A narrower grip forces your shoulder blades together more aggressively, which builds a thicker shelf of muscle for the bar. But “narrow” is relative to your shoulder mobility. Grip as close as you comfortably can without pain in your shoulders, elbows, or wrists. Some lifters turn their fingers inward (toward each other) before gripping to help transfer weight off the hands and onto the back. Others use a wider grip and find it works fine as long as the bar stays secure on the muscle shelf. The right width is whichever lets you keep the load on your back, not in your hands.
Your thumb position matters less than your back tightness. Some lifters wrap their thumbs around the bar, others use a thumbless grip. Either works. What matters is that your upper back stays squeezed tight throughout the set so the bar doesn’t shift.
Why You Should Skip the Bar Pad
Foam bar pads (sometimes called squat sponges) seem like an obvious fix when the bar feels uncomfortable. The problem is that they raise the bar’s contact point, making it less stable against your body. The pad compresses unevenly under load, which can cause the bar to wobble or shift mid-rep, especially at heavier weights.
If the bar hurts, the solution is almost always repositioning rather than padding. Bar discomfort typically means one of three things: the bar is sitting on your C7 vertebra instead of muscle tissue, your upper back isn’t tight enough to create a proper shelf, or you’re using a bar position that doesn’t match your body. Adjusting your grip width, squeezing your shoulder blades harder, or switching between high and low bar will usually eliminate the pain entirely.
Choosing Between High and Low Bar
Neither position is inherently better. The right choice depends on your body proportions, mobility, and goals.
- High bar works well if you have good ankle mobility and want a more upright torso. It puts more demand on your quadriceps and is easier on your shoulders since your grip can be wider.
- Low bar works well if you have longer legs or a shorter torso, since the forward lean it encourages can feel more natural. It loads your hips and posterior chain more and generally allows heavier weights, but it requires more shoulder flexibility to reach the grip position.
If you’re new to squatting, start with high bar.
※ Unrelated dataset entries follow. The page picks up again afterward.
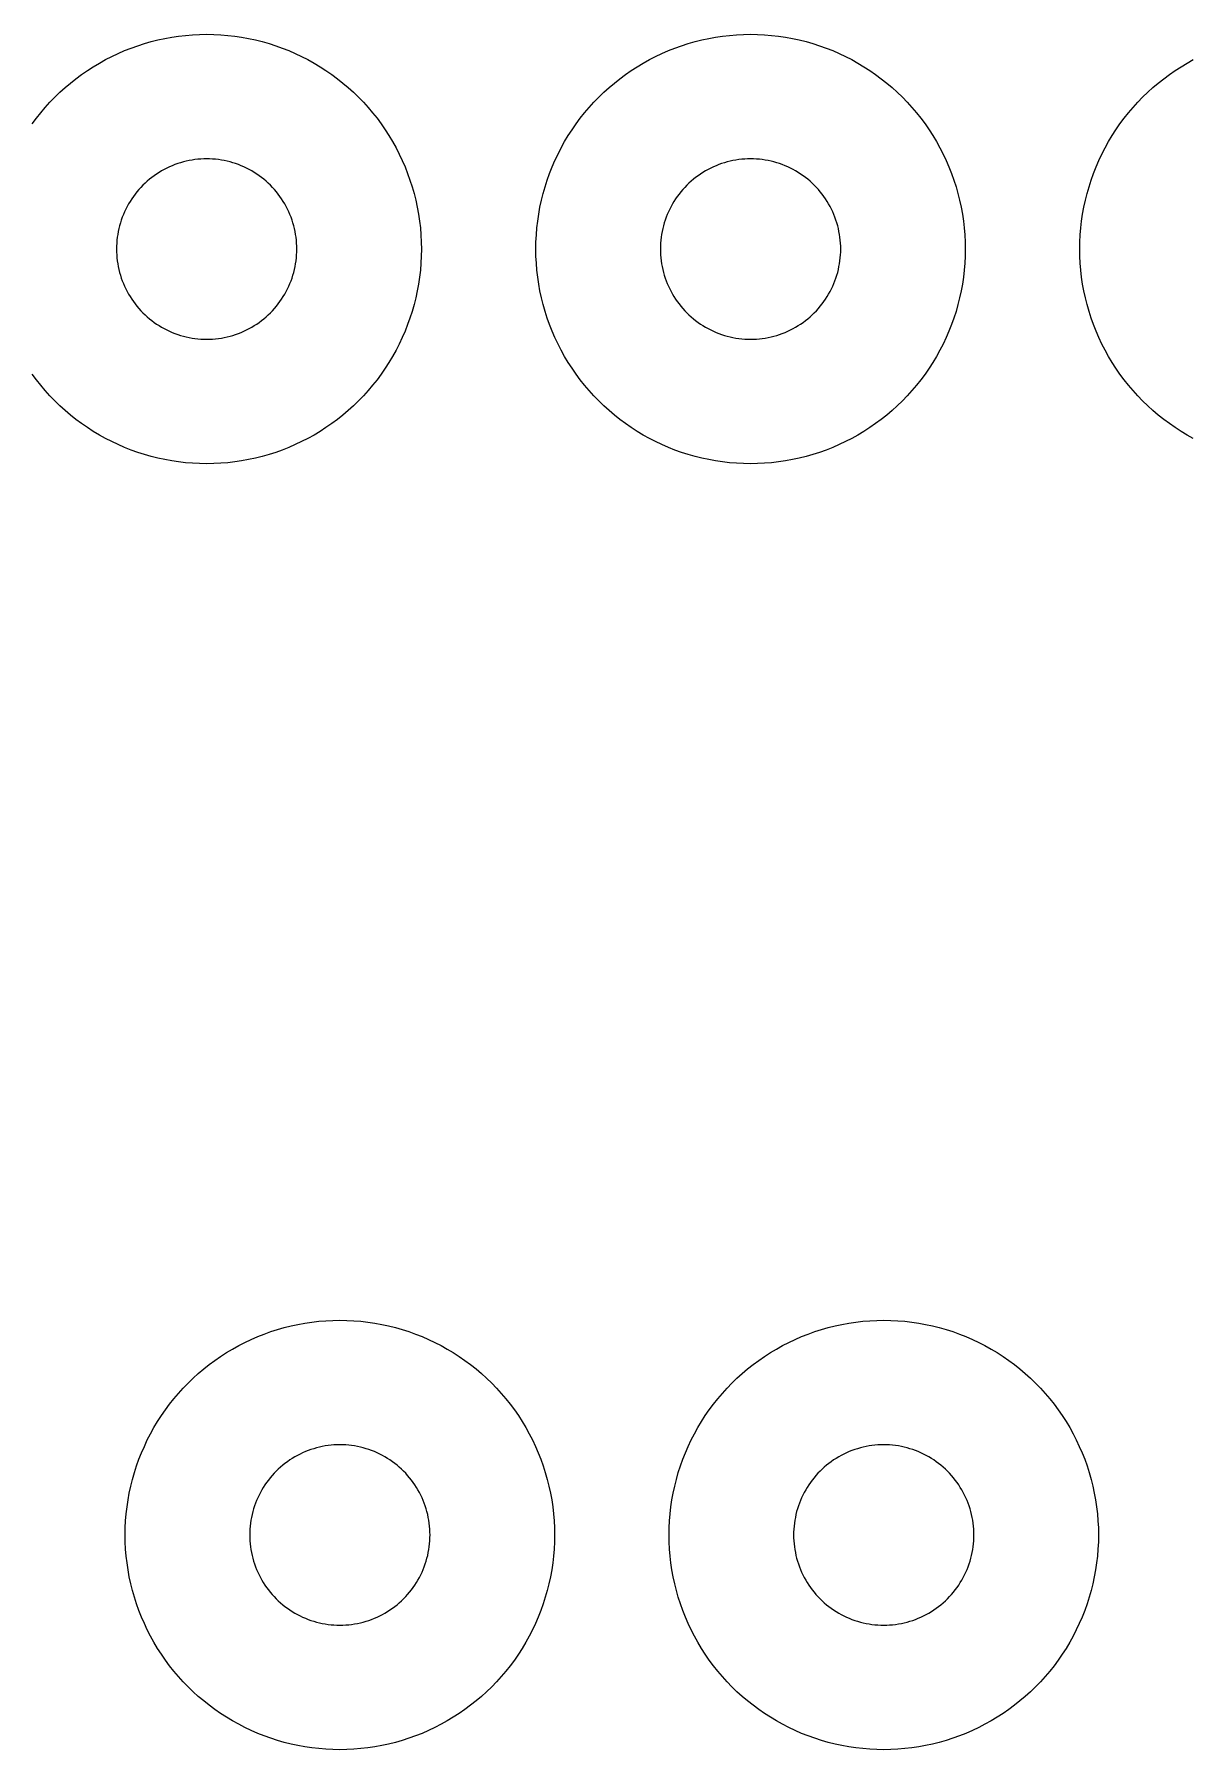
# Model space of a CAD drawing. Header units: millimetres. Extents: x 0 to 471, y 12 to 280.
# Drawn here: x 281.8 to 322.1, y 11.6 to 71.5 of the extents above; entities that cross this region are included whole.
import ezdxf

# ---------------------------------------------------------------- set-up
doc = ezdxf.new("R2010")
doc.units = ezdxf.units.MM
doc.layers.add('CUT', color=1, linetype='Continuous')

msp = doc.modelspace()

# ---------------------------------------------------------------- linework, layer by layer
at = {"layer": 'CUT'}
for points in [[(281.751, 68.412), (281.897, 68.609), (282.049, 68.801), (282.208, 68.989), (282.373, 69.17), (282.544, 69.347), (282.72, 69.518), (282.902, 69.682), (283.089, 69.841), (283.281, 69.994), (283.478, 70.14), (283.68, 70.28), (283.886, 70.413), (284.097, 70.539), (284.311, 70.658), (284.53, 70.77), (284.752, 70.875), (284.977, 70.973), (285.205, 71.063), (285.436, 71.145), (285.67, 71.221), (285.906, 71.288), (286.144, 71.348), (286.384, 71.399), (286.625, 71.443), (286.868, 71.479), (287.112, 71.507), (287.356, 71.527), (287.601, 71.54), (287.847, 71.544), (288.092, 71.54), (288.337, 71.527), (288.582, 71.507), (288.826, 71.479), (289.069, 71.443), (289.31, 71.399), (289.55, 71.348), (289.788, 71.288), (290.024, 71.221), (290.258, 71.145), (290.489, 71.063), (290.717, 70.973), (290.942, 70.875), (291.164, 70.77), (291.382, 70.658), (291.597, 70.539), (291.807, 70.413), (292.014, 70.28), (292.215, 70.14), (292.413, 69.994), (292.605, 69.841), (292.792, 69.682), (292.974, 69.518), (293.15, 69.347), (293.321, 69.17), (293.486, 68.989), (293.644, 68.801), (293.797, 68.609), (293.943, 68.412), (294.083, 68.21), (294.216, 68.004), (294.342, 67.794), (294.461, 67.579), (294.573, 67.361), (294.678, 67.139), (294.776, 66.914), (294.866, 66.685), (294.949, 66.454), (295.024, 66.221), (295.091, 65.985), (295.151, 65.747), (295.203, 65.507), (295.247, 65.265), (295.283, 65.022), (295.311, 64.779), (295.331, 64.534), (295.343, 64.289), (295.347, 64.044), (295.343, 63.798), (295.343, 63.798), (295.331, 63.553), (295.311, 63.308), (295.283, 63.065), (295.247, 62.822), (295.203, 62.58), (295.151, 62.34), (295.091, 62.102), (295.024, 61.866), (294.949, 61.633), (294.866, 61.402), (294.776, 61.173), (294.678, 60.948), (294.573, 60.726), (294.461, 60.508), (294.342, 60.294), (294.216, 60.083), (294.083, 59.877), (293.943, 59.675), (293.797, 59.478), (293.644, 59.286), (293.486, 59.098), (293.321, 58.917), (293.15, 58.74), (292.974, 58.57), (292.792, 58.405), (292.605, 58.246), (292.413, 58.093), (292.215, 57.947), (292.014, 57.808), (291.807, 57.675), (291.597, 57.548), (291.382, 57.429), (291.164, 57.317), (290.942, 57.212), (290.717, 57.114), (290.489, 57.024), (290.258, 56.942), (290.024, 56.866), (289.788, 56.799), (289.55, 56.739), (289.31, 56.688), (289.069, 56.644), (288.826, 56.608), (288.582, 56.58), (288.337, 56.56), (288.092, 56.548), (287.847, 56.544), (287.601, 56.548), (287.356, 56.56), (287.112, 56.58), (286.868, 56.608), (286.625, 56.644), (286.384, 56.688), (286.144, 56.739), (285.906, 56.799), (285.67, 56.866), (285.436, 56.942), (285.205, 57.024), (284.977, 57.114), (284.752, 57.212), (284.53, 57.317), (284.311, 57.429), (284.097, 57.548), (283.886, 57.675), (283.68, 57.808), (283.478, 57.947), (283.281, 58.093), (283.089, 58.246), (282.902, 58.405), (282.72, 58.57), (282.544, 58.74), (282.373, 58.917), (282.208, 59.098), (282.049, 59.286), (281.897, 59.478), (281.751, 59.675)], [(322.311, 57.429), (322.097, 57.548), (321.886, 57.675), (321.68, 57.808), (321.478, 57.947), (321.281, 58.093), (321.089, 58.246), (320.902, 58.405), (320.72, 58.57), (320.544, 58.74), (320.373, 58.917), (320.208, 59.098), (320.049, 59.286), (319.897, 59.478), (319.751, 59.675), (319.611, 59.877), (319.478, 60.083), (319.352, 60.294), (319.232, 60.508), (319.12, 60.726), (319.015, 60.948), (318.918, 61.173), (318.828, 61.402), (318.745, 61.633), (318.67, 61.866), (318.602, 62.102), (318.543, 62.34), (318.491, 62.58), (318.447, 62.822), (318.411, 63.065), (318.383, 63.308), (318.363, 63.553), (318.351, 63.798), (318.347, 64.044), (318.351, 64.289), (318.363, 64.534), (318.383, 64.779), (318.411, 65.022), (318.447, 65.265), (318.491, 65.507), (318.543, 65.747), (318.602, 65.985), (318.67, 66.221), (318.745, 66.454), (318.828, 66.685), (318.918, 66.914), (319.015, 67.139), (319.12, 67.361), (319.232, 67.579), (319.352, 67.794), (319.478, 68.004), (319.611, 68.21), (319.751, 68.412), (319.897, 68.609), (320.049, 68.801), (320.208, 68.989), (320.373, 69.17), (320.544, 69.347), (320.72, 69.518), (320.902, 69.682), (321.089, 69.841), (321.281, 69.994), (321.478, 70.14), (321.68, 70.28), (321.886, 70.413), (322.097, 70.539), (322.311, 70.658)]]:
    msp.add_lwpolyline(points, dxfattribs=at)
for points in [[(314.343, 63.798), (314.331, 63.553), (314.311, 63.308), (314.283, 63.065), (314.247, 62.822), (314.203, 62.58), (314.151, 62.34), (314.091, 62.102), (314.024, 61.866), (313.949, 61.633), (313.866, 61.402), (313.776, 61.173), (313.678, 60.948), (313.573, 60.726), (313.461, 60.508), (313.342, 60.294), (313.216, 60.083), (313.083, 59.877), (312.943, 59.675), (312.797, 59.478), (312.644, 59.286), (312.486, 59.098), (312.321, 58.917), (312.15, 58.74), (311.974, 58.57), (311.792, 58.405), (311.605, 58.246), (311.413, 58.093), (311.215, 57.947), (311.014, 57.808), (310.807, 57.675), (310.597, 57.548), (310.382, 57.429), (310.164, 57.317), (309.942, 57.212), (309.717, 57.114), (309.489, 57.024), (309.258, 56.942), (309.024, 56.866), (308.788, 56.799), (308.55, 56.739), (308.31, 56.688), (308.069, 56.644), (307.826, 56.608), (307.582, 56.58), (307.337, 56.56), (307.092, 56.548), (306.847, 56.544), (306.601, 56.548), (306.356, 56.56), (306.112, 56.58), (305.868, 56.608), (305.625, 56.644), (305.384, 56.688), (305.144, 56.739), (304.906, 56.799), (304.67, 56.866), (304.436, 56.942), (304.205, 57.024), (303.977, 57.114), (303.752, 57.212), (303.53, 57.317), (303.311, 57.429), (303.097, 57.548), (302.886, 57.675), (302.68, 57.808), (302.478, 57.947), (302.281, 58.093), (302.089, 58.246), (301.902, 58.405), (301.72, 58.57), (301.544, 58.74), (301.373, 58.917), (301.208, 59.098), (301.049, 59.286), (300.897, 59.478), (300.751, 59.675), (300.611, 59.877), (300.478, 60.083), (300.352, 60.294), (300.232, 60.508), (300.12, 60.726), (300.015, 60.948), (299.918, 61.173), (299.828, 61.402), (299.745, 61.633), (299.67, 61.866), (299.602, 62.102), (299.543, 62.34), (299.491, 62.58), (299.447, 62.822), (299.411, 63.065), (299.383, 63.308), (299.363, 63.553), (299.351, 63.798), (299.347, 64.044), (299.351, 64.289), (299.363, 64.534), (299.383, 64.779), (299.411, 65.022), (299.447, 65.265), (299.491, 65.507), (299.543, 65.747), (299.602, 65.985), (299.67, 66.221), (299.745, 66.454), (299.828, 66.685), (299.918, 66.914), (300.015, 67.139), (300.12, 67.361), (300.232, 67.579), (300.352, 67.794), (300.478, 68.004), (300.611, 68.21), (300.751, 68.412), (300.897, 68.609), (301.049, 68.801), (301.208, 68.989), (301.373, 69.17), (301.544, 69.347), (301.72, 69.518), (301.902, 69.682), (302.089, 69.841), (302.281, 69.994), (302.478, 70.14), (302.68, 70.28), (302.886, 70.413), (303.097, 70.539), (303.311, 70.658), (303.53, 70.77), (303.752, 70.875), (303.977, 70.973), (304.205, 71.063), (304.436, 71.145), (304.67, 71.221), (304.906, 71.288), (305.144, 71.348), (305.384, 71.399), (305.625, 71.443), (305.868, 71.479), (306.112, 71.507), (306.356, 71.527), (306.601, 71.54), (306.847, 71.544), (307.092, 71.54), (307.337, 71.527), (307.582, 71.507), (307.826, 71.479), (308.069, 71.443), (308.31, 71.399), (308.55, 71.348), (308.788, 71.288), (309.024, 71.221), (309.258, 71.145), (309.489, 71.063), (309.717, 70.973), (309.942, 70.875), (310.164, 70.77), (310.382, 70.658), (310.597, 70.539), (310.807, 70.413), (311.014, 70.28), (311.215, 70.14), (311.413, 69.994), (311.605, 69.841), (311.792, 69.682), (311.974, 69.518), (312.15, 69.347), (312.321, 69.17), (312.486, 68.989), (312.644, 68.801), (312.797, 68.609), (312.943, 68.412), (313.083, 68.21), (313.216, 68.004), (313.342, 67.794), (313.461, 67.579), (313.573, 67.361), (313.678, 67.139), (313.776, 66.914), (313.866, 66.685), (313.949, 66.454), (314.024, 66.221), (314.091, 65.985), (314.151, 65.747), (314.203, 65.507), (314.247, 65.265), (314.283, 65.022), (314.311, 64.779), (314.331, 64.534), (314.343, 64.289), (314.347, 64.044), (314.343, 63.798)], [(290.995, 64.147), (290.99, 64.25), (290.982, 64.352), (290.97, 64.455), (290.955, 64.557), (290.936, 64.658), (290.915, 64.759), (290.89, 64.859), (290.861, 64.958), (290.83, 65.056), (290.795, 65.153), (290.757, 65.249), (290.716, 65.344), (290.672, 65.437), (290.625, 65.528), (290.575, 65.619), (290.522, 65.707), (290.466, 65.794), (290.407, 65.878), (290.346, 65.961), (290.282, 66.042), (290.215, 66.12), (290.146, 66.197), (290.074, 66.271), (290, 66.343), (289.924, 66.412), (289.845, 66.479), (289.764, 66.543), (289.682, 66.604), (289.597, 66.663), (289.51, 66.719), (289.422, 66.772), (289.332, 66.822), (289.24, 66.869), (289.147, 66.913), (289.052, 66.954), (288.956, 66.992), (288.859, 67.026), (288.761, 67.058), (288.662, 67.086), (288.562, 67.111), (288.461, 67.133), (288.36, 67.151), (288.258, 67.167), (288.156, 67.178), (288.053, 67.187), (287.95, 67.192), (287.847, 67.194), (287.744, 67.192), (287.641, 67.187), (287.538, 67.178), (287.436, 67.167), (287.334, 67.151), (287.232, 67.133), (287.132, 67.111), (287.032, 67.086), (286.932, 67.058), (286.834, 67.026), (286.737, 66.992), (286.641, 66.954), (286.547, 66.913), (286.454, 66.869), (286.362, 66.822), (286.272, 66.772), (286.183, 66.719), (286.097, 66.663), (286.012, 66.604), (285.929, 66.543), (285.849, 66.479), (285.77, 66.412), (285.694, 66.343), (285.619, 66.271), (285.548, 66.197), (285.479, 66.12), (285.412, 66.042), (285.348, 65.961), (285.286, 65.878), (285.228, 65.794), (285.172, 65.707), (285.119, 65.619), (285.069, 65.528), (285.022, 65.437), (284.978, 65.344), (284.937, 65.249), (284.899, 65.153), (284.864, 65.056), (284.832, 64.958), (284.804, 64.859), (284.779, 64.759), (284.757, 64.658), (284.739, 64.557), (284.724, 64.455), (284.712, 64.352), (284.704, 64.25), (284.699, 64.147), (284.697, 64.044), (284.699, 63.94), (284.704, 63.838), (284.712, 63.735), (284.724, 63.632), (284.739, 63.53), (284.757, 63.429), (284.779, 63.328), (284.804, 63.228), (284.832, 63.129), (284.864, 63.031), (284.899, 62.934), (284.937, 62.838), (284.978, 62.743), (285.022, 62.65), (285.069, 62.559), (285.119, 62.469), (285.172, 62.38), (285.228, 62.293), (285.286, 62.209), (285.348, 62.126), (285.412, 62.045), (285.479, 61.967), (285.548, 61.89), (285.619, 61.816), (285.694, 61.744), (285.77, 61.675), (285.849, 61.609), (285.929, 61.544), (286.012, 61.483), (286.097, 61.424), (286.183, 61.369), (286.272, 61.316), (286.362, 61.265), (286.454, 61.218), (286.547, 61.174), (286.641, 61.133), (286.737, 61.095), (286.834, 61.061), (286.932, 61.029), (287.032, 61.001), (287.132, 60.976), (287.232, 60.954), (287.334, 60.936), (287.436, 60.92), (287.538, 60.909), (287.641, 60.9), (287.744, 60.895), (287.847, 60.894), (287.95, 60.895), (288.053, 60.9), (288.156, 60.909), (288.258, 60.92), (288.36, 60.936), (288.461, 60.954), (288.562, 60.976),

It’s more intuitive, requires less shoulder mobility, and the upright torso position is easier to learn. You can experiment with low bar later once you’re comfortable with the movement pattern and want to see if it feels stronger for your build.
Quick Position Check Before Every Set
Before you unrack, run through three checkpoints. First, squeeze your shoulder blades together to build the shelf. Second, settle the bar into position and confirm it’s resting on muscle, not bone. Third, make sure your wrists are relatively straight and not bent backward under load. If all three feel right, the bar is where it should be.
You’ll know the bar is in the wrong spot immediately. Bone contact creates a sharp, focused pressure point. A proper muscle shelf feels like firm, distributed pressure across a wider area. It may feel mildly uncomfortable with heavy weight, but it should never feel like the bar is digging into a single spot.